🤖 AI Summary
Current NLP research on counter-hate speech is critically misaligned with the needs of communities most affected by online harm, evidenced by outdated datasets and the exclusion of key stakeholders—particularly frontline NGOs and impacted communities—from model development and evaluation. Method: We conduct a systematic review of 74 NLP studies to document this misalignment and collaborate with five NGOs specializing in online gender-based violence through a participatory case study involving surveys, qualitative interviews, and co-design workshops. Contribution/Results: We introduce the first “stakeholder-driven” research framework for counter-speech, comprising novel practice guidelines spanning data curation, model design, and ethical assessment. Further, we propose concrete technical pathways and governance recommendations to recenter community agency, thereby advancing socially responsive AI.
📝 Abstract
Counterspeech, i.e. the practice of responding to online hate speech, has gained traction in NLP as a promising intervention. While early work emphasised collaboration with non-governmental organisation stakeholders, recent research trends have shifted toward automated pipelines that reuse a small set of legacy datasets, often without input from affected communities. This paper presents a systematic review of 74 NLP studies on counterspeech, analysing the extent to which stakeholder participation influences dataset creation, model development, and evaluation.

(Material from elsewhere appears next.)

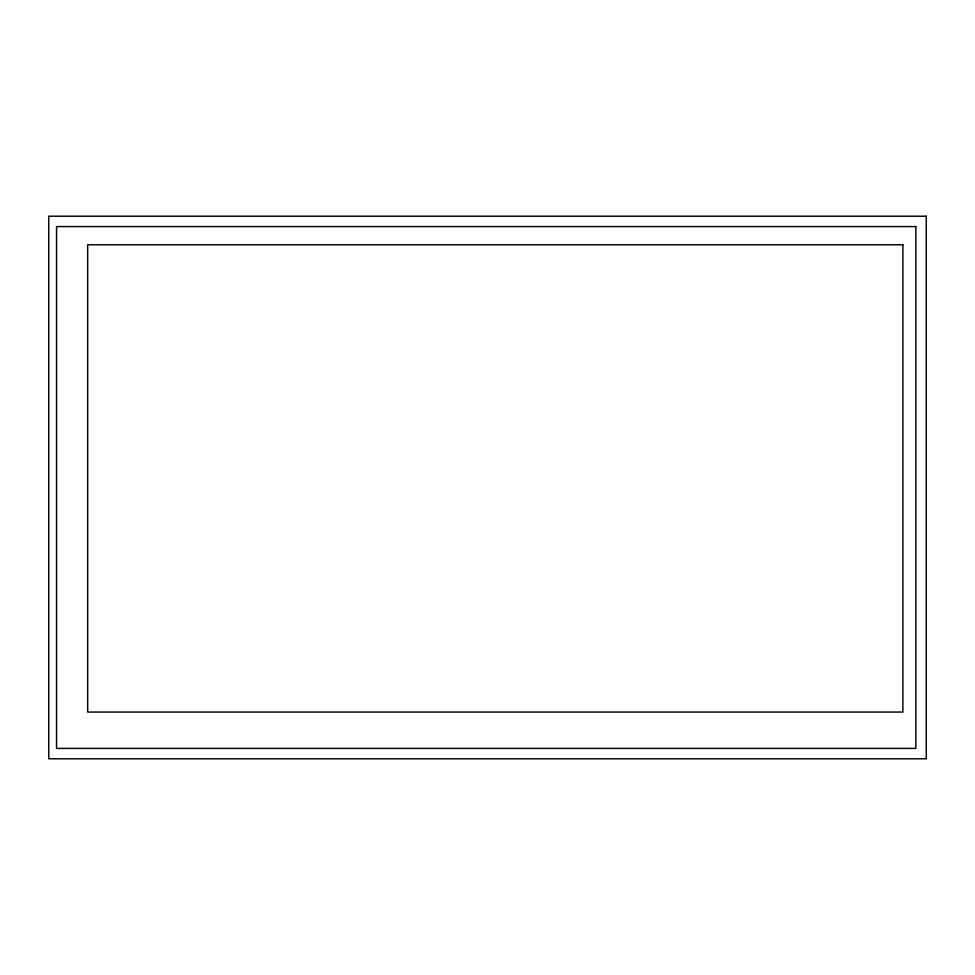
<?xml version="1.0" encoding="UTF-8"?>
<svg xmlns="http://www.w3.org/2000/svg" width="975" height="975" viewBox="0 0 975 975"><rect width="100%" height="100%" fill="white"/><g stroke="black" fill="none" stroke-linecap="round" stroke-linejoin="round"><path stroke-width="1.46" d="M926.25 216.206L48.75 216.206L48.75 758.794L926.25 758.794L926.25 216.206M915.866 226.59L56.538 226.59L56.538 748.41L915.866 748.41L915.866 226.59M902.887 244.762L87.689 244.762L87.689 712.067L902.887 712.067L902.887 244.762"/></g></svg>

To complement this analysis, we conducted a participatory case study with five NGOs specialising in online Gender-Based Violence (oGBV), identifying stakeholder-informed practices for counterspeech generation. Our findings reveal a growing disconnect between current NLP research and the needs of communities most impacted by toxic online content. We conclude with concrete recommendations for re-centring stakeholder expertise in counterspeech research.